WHAT TO DO ->
Copy each line containing "Visualize" from the listing below.

DATA FOR ANALYSIS ->
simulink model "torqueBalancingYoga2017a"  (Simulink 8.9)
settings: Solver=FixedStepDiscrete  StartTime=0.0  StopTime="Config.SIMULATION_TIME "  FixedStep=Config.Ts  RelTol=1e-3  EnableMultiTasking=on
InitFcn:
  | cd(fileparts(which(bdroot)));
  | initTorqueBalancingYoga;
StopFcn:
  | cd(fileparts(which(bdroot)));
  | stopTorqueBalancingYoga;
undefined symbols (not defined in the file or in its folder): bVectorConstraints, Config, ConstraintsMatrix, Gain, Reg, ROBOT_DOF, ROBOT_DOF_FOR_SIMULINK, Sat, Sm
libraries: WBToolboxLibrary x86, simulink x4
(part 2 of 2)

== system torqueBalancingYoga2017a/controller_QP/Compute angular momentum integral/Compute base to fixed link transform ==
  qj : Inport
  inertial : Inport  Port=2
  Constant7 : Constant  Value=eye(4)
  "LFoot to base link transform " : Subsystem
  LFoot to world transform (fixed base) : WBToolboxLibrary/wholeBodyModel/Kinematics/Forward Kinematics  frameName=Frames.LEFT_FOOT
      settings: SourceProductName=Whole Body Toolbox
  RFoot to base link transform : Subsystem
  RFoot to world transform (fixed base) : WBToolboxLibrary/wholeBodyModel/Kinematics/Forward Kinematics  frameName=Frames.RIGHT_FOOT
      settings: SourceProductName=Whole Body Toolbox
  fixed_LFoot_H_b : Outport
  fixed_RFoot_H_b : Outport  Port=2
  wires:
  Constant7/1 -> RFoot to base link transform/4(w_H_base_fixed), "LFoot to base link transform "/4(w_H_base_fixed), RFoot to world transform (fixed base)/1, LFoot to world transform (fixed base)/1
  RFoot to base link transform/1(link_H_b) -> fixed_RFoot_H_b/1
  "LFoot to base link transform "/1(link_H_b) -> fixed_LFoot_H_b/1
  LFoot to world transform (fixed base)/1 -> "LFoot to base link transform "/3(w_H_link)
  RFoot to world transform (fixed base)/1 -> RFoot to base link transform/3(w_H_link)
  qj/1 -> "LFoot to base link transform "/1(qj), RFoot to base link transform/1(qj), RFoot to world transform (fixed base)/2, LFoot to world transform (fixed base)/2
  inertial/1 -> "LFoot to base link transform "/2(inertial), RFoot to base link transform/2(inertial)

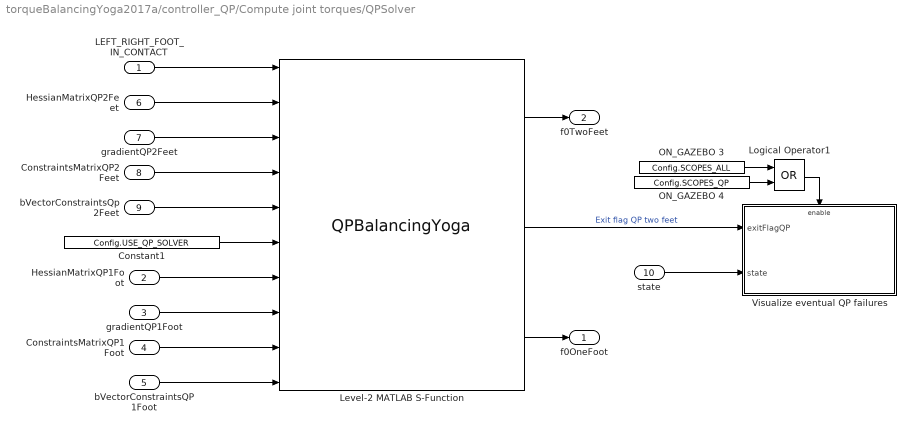
== system torqueBalancingYoga2017a/controller_QP/Compute joint torques/QPSolver ==
  LEFT_RIGHT_FOOT_IN_CONTACT : Inport
  HessianMatrixQP1Foot : Inport  Port=2
  gradientQP1Foot : Inport  Port=3
  ConstraintsMatrixQP1Foot : Inport  Port=4
  bVectorConstraintsQP1Foot : Inport  Port=5
  HessianMatrixQP2Feet : Inport  Port=6
  gradientQP2Feet : Inport  Port=7
  ConstraintsMatrixQP2Feet : Inport  Port=8
  bVectorConstraintsQp2Feet : Inport  Port=9
  state : Inport  Port=10
  Constant1 : Constant  Value=Config.USE_QP_SOLVER
  Level-2 MATLAB S-Function : M-S-Function  FunctionName=QPBalancingYoga
  Logical Operator1 : Logic  Operator=OR  AllPortsSameDT=off  OutDataTypeStr=boolean
  ON_GAZEBO 3 : Constant  Value=Config.SCOPES_ALL
  ON_GAZEBO 4 : Constant  Value=Config.SCOPES_QP
  Visualize eventual QP failures : Subsystem
  f0OneFoot : Outport
  f0TwoFeet : Outport  Port=2
  wires:
  Level-2 MATLAB S-Function/1 -> f0TwoFeet/1
  Level-2 MATLAB S-Function/2 -> Visualize eventual QP failures/1(exitFlagQP)  "Exit flag QP two feet"
  HessianMatrixQP1Foot/1 -> Level-2 MATLAB S-Function/7
  gradientQP1Foot/1 -> Level-2 MATLAB S-Function/8
  ConstraintsMatrixQP1Foot/1 -> Level-2 MATLAB S-Function/9
  bVectorConstraintsQP1Foot/1 -> Level-2 MATLAB S-Function/10
  Level-2 MATLAB S-Function/3 -> f0OneFoot/1
  Logical Operator1/1 -> Visualize eventual QP failures/Enable
  state/1 -> Visualize eventual QP failures/2(state)
  LEFT_RIGHT_FOOT_IN_CONTACT/1 -> Level-2 MATLAB S-Function/1
  HessianMatrixQP2Feet/1 -> Level-2 MATLAB S-Function/2
  gradientQP2Feet/1 -> Level-2 MATLAB S-Function/3
  ConstraintsMatrixQP2Feet/1 -> Level-2 MATLAB S-Function/4
  bVectorConstraintsQp2Feet/1 -> Level-2 MATLAB S-Function/5
  Constant1/1 -> Level-2 MATLAB S-Function/6
  ON_GAZEBO 3/1 -> Logical Operator1/1
  ON_GAZEBO 4/1 -> Logical Operator1/2

== system torqueBalancingYoga2017a/Robot State and References/Internal Coordinator/Base to fixed_link/LFoot to base link transform  ==
  qj : Inport
  inertial : Inport  Port=2
  w_H_link : Inport  Port=3
  w_H_base_fixed : Inport  Port=4
  Fixed base to imu transform : WBToolboxLibrary/wholeBodyModel/Kinematics/Forward Kinematics  frameName=Frames.IMU
      settings: SourceProductName=Whole Body Toolbox
  Fixed base to root link transform : WBToolboxLibrary/wholeBodyModel/Kinematics/Forward Kinematics  frameName=Frames.BASE
      settings: SourceProductName=Whole Body Toolbox
  Inv\* : Product  Inputs=/*  Multiplication=Matrix(*)
  "Inv\\*  " : Product  Inputs=/*  Multiplication=Matrix(*)
  Neck Position : WBToolboxLibrary/Utilities/Yarp Read  portName=Ports.NECK_POS  signalSize=6  timeout=0.5  blocking=off  timestamp=off  autoconnect=on  errorOnConnection=off
      settings: SourceProductName=Whole Body Toolbox
  Switch6 : Switch  Criteria=u2 > Threshold
  USE_IMU4EST_BASE : Constant  Value=Config.USE_IMU4EST_BASE
  fromImuToHomogeousTransformFCN : MATLAB Function  TreatAsAtomicUnit=on
  holder 1 : WBToolboxLibrary/Utilities/holder 
      settings: SourceProductName=Whole Body Toolbox
  holder 2 : WBToolboxLibrary/Utilities/holder 
      settings: SourceProductName=Whole Body Toolbox
  neck transform : Subsystem
  link_H_b : Outport
  wires:
  Switch6/1 -> link_H_b/1
  "Inv\\*  "/1 -> Switch6/3, fromImuToHomogeousTransformFCN/3(link_H_base)  "link_H_root"
  USE_IMU4EST_BASE/1 -> Switch6/2
  Inv\*/1 -> fromImuToHomogeousTransformFCN/1(imu_H_link), holder 1/1  "imu_H_link"
  holder 2/1 -> fromImuToHomogeousTransformFCN/4(inertial_0)
  Fixed base to imu transform/1 -> Inv\*/1
  holder 1/1 -> fromImuToHomogeousTransformFCN/2(imu_H_link_0)
  qj/1 -> Fixed base to imu transform/2, Fixed base to root link transform/2
  fromImuToHomogeousTransformFCN/1(w_H_b) -> Switch6/1
  Fixed base to root link transform/1 -> "Inv\\*  "/2
  inertial/1 -> holder 2/1, fromImuToHomogeousTransformFCN/5(inertial)
  Neck Position/1 -> neck transform/1(neck port)
  neck transform/1(neck position) -> fromImuToHomogeousTransformFCN/6(neck_pos)
  w_H_link/1 -> "Inv\\*  "/1, Inv\*/2
  w_H_base_fixed/1 -> Fixed base to root link transform/1, Fixed base to imu transform/1

== system torqueBalancingYoga2017a/Robot State and References/Internal Coordinator/Compute State Velocity/Feet Jacobians ==
  qj : Inport
  w_H_b : Inport  Port=2
  Jacobian LFoot : WBToolboxLibrary/wholeBodyModel/Jacobians/Jacobian  frameName=Frames.LEFT_FOOT
      settings: SourceProductName=Whole Body Toolbox
  Jacobian RFoot : WBToolboxLibrary/wholeBodyModel/Jacobians/Jacobian  frameName=Frames.RIGHT_FOOT
      settings: SourceProductName=Whole Body Toolbox
  J_LFoot : Outport
  J_RFoot : Outport  Port=2
  wires:
  Jacobian LFoot/1 -> J_LFoot/1
  Jacobian RFoot/1 -> J_RFoot/1
  w_H_b/1 -> Jacobian RFoot/1, Jacobian LFoot/1
  qj/1 -> Jacobian LFoot/2, Jacobian RFoot/2

== system torqueBalancingYoga2017a/Robot State and References/State Machine Yoga/Compute State Velocity/Feet Jacobians ==
  qj : Inport
  w_H_b : Inport  Port=2
  Jacobian LFoot : WBToolboxLibrary/wholeBodyModel/Jacobians/Jacobian  frameName=Frames.LEFT_FOOT
      settings: SourceProductName=Whole Body Toolbox
  Jacobian RFoot : WBToolboxLibrary/wholeBodyModel/Jacobians/Jacobian  frameName=Frames.RIGHT_FOOT
      settings: SourceProductName=Whole Body Toolbox
  J_LFoot : Outport
  J_RFoot : Outport  Port=2
  wires:
  Jacobian LFoot/1 -> J_LFoot/1
  Jacobian RFoot/1 -> J_RFoot/1
  w_H_b/1 -> Jacobian RFoot/1, Jacobian LFoot/1
  qj/1 -> Jacobian LFoot/2, Jacobian RFoot/2

== system torqueBalancingYoga2017a/Robot State and References/State Machine Yoga/Compute base to fixed link transform/LFoot to base link transform  ==
  qj : Inport
  inertial : Inport  Port=2
  w_H_link : Inport  Port=3
  w_H_base_fixed : Inport  Port=4
  Fixed base to imu transform : WBToolboxLibrary/wholeBodyModel/Kinematics/Forward Kinematics  frameName=Frames.IMU
      settings: SourceProductName=Whole Body Toolbox
  Fixed base to root link transform : WBToolboxLibrary/wholeBodyModel/Kinematics/Forward Kinematics  frameName=Frames.BASE
      settings: SourceProductName=Whole Body Toolbox
  Inv\* : Product  Inputs=/*  Multiplication=Matrix(*)
  "Inv\\*  " : Product  Inputs=/*  Multiplication=Matrix(*)
  Neck Position : WBToolboxLibrary/Utilities/Yarp Read  portName=Ports.NECK_POS  signalSize=6  timeout=0.5  blocking=off  timestamp=off  autoconnect=on  errorOnConnection=off
      settings: SourceProductName=Whole Body Toolbox
  Switch6 : Switch  Criteria=u2 > Threshold
  USE_IMU4EST_BASE : Constant  Value=Config.USE_IMU4EST_BASE
  fromImuToHomogeousTransformFCN : MATLAB Function  TreatAsAtomicUnit=on
  holder 1 : WBToolboxLibrary/Utilities/holder 
      settings: SourceProductName=Whole Body Toolbox
  holder 2 : WBToolboxLibrary/Utilities/holder 
      settings: SourceProductName=Whole Body Toolbox
  neck transform : Subsystem
  link_H_b : Outport
  wires:
  Switch6/1 -> link_H_b/1
  "Inv\\*  "/1 -> Switch6/3, fromImuToHomogeousTransformFCN/3(link_H_base)  "link_H_root"
  USE_IMU4EST_BASE/1 -> Switch6/2
  Inv\*/1 -> fromImuToHomogeousTransformFCN/1(imu_H_link), holder 1/1  "imu_H_link"
  holder 2/1 -> fromImuToHomogeousTransformFCN/4(inertial_0)
  Fixed base to imu transform/1 -> Inv\*/1
  holder 1/1 -> fromImuToHomogeousTransformFCN/2(imu_H_link_0)
  qj/1 -> Fixed base to imu transform/2, Fixed base to root link transform/2
  fromImuToHomogeousTransformFCN/1(w_H_b) -> Switch6/1
  Fixed base to root link transform/1 -> "Inv\\*  "/2
  inertial/1 -> holder 2/1, fromImuToHomogeousTransformFCN/5(inertial)
  Neck Position/1 -> neck transform/1(neck port)
  neck transform/1(neck position) -> fromImuToHomogeousTransformFCN/6(neck_pos)
  w_H_link/1 -> "Inv\\*  "/1, Inv\*/2
  w_H_base_fixed/1 -> Fixed base to root link transform/1, Fixed base to imu transform/1

== system torqueBalancingYoga2017a/Robot State and References/State Machine Yoga/Compute base to fixed link transform/RFoot to base link transform ==
  qj : Inport
  inertial : Inport  Port=2
  w_H_link : Inport  Port=3
  w_H_base_fixed : Inport  Port=4
  Fixed base to imu transform : WBToolboxLibrary/wholeBodyModel/Kinematics/Forward Kinematics  frameName=Frames.IMU
      settings: SourceProductName=Whole Body Toolbox
  Fixed base to root link transform : WBToolboxLibrary/wholeBodyModel/Kinematics/Forward Kinematics  frameName=Frames.BASE
      settings: SourceProductName=Whole Body Toolbox
  Inv\* : Product  Inputs=/*  Multiplication=Matrix(*)
  "Inv\\*  " : Product  Inputs=/*  Multiplication=Matrix(*)
  Neck Position : WBToolboxLibrary/Utilities/Yarp Read  portName=Ports.NECK_POS  signalSize=6  timeout=0.5  blocking=off  timestamp=off  autoconnect=on  errorOnConnection=off
      settings: SourceProductName=Whole Body Toolbox
  Switch6 : Switch  Criteria=u2 > Threshold
  USE_IMU4EST_BASE : Constant  Value=Config.USE_IMU4EST_BASE
  fromImuToHomogeousTransformFCN : MATLAB Function  TreatAsAtomicUnit=on
  holder 1 : WBToolboxLibrary/Utilities/holder 
      settings: SourceProductName=Whole Body Toolbox
  holder 2 : WBToolboxLibrary/Utilities/holder 
      settings: SourceProductName=Whole Body Toolbox
  neck transform : Subsystem
  link_H_b : Outport
  wires:
  Switch6/1 -> link_H_b/1
  "Inv\\*  "/1 -> Switch6/3, fromImuToHomogeousTransformFCN/3(link_H_base)  "link_H_root"
  USE_IMU4EST_BASE/1 -> Switch6/2
  Inv\*/1 -> fromImuToHomogeousTransformFCN/1(imu_H_link), holder 1/1  "imu_H_link"
  holder 2/1 -> fromImuToHomogeousTransformFCN/4(inertial_0)
  Fixed base to imu transform/1 -> Inv\*/1
  holder 1/1 -> fromImuToHomogeousTransformFCN/2(imu_H_link_0)
  qj/1 -> Fixed base to imu transform/2, Fixed base to root link transform/2
  fromImuToHomogeousTransformFCN/1(w_H_b) -> Switch6/1
  Fixed base to root link transform/1 -> "Inv\\*  "/2
  inertial/1 -> holder 2/1, fromImuToHomogeousTransformFCN/5(inertial)
  Neck Position/1 -> neck transform/1(neck port)
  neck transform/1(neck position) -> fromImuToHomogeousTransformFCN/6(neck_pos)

YOUR RESPONSE ->
  Visualize eventual QP failures : Subsystem
  Level-2 MATLAB S-Function/2 -> Visualize eventual QP failures/1(exitFlagQP)  "Exit flag QP two feet"
  Logical Operator1/1 -> Visualize eventual QP failures/Enable
  state/1 -> Visualize eventual QP failures/2(state)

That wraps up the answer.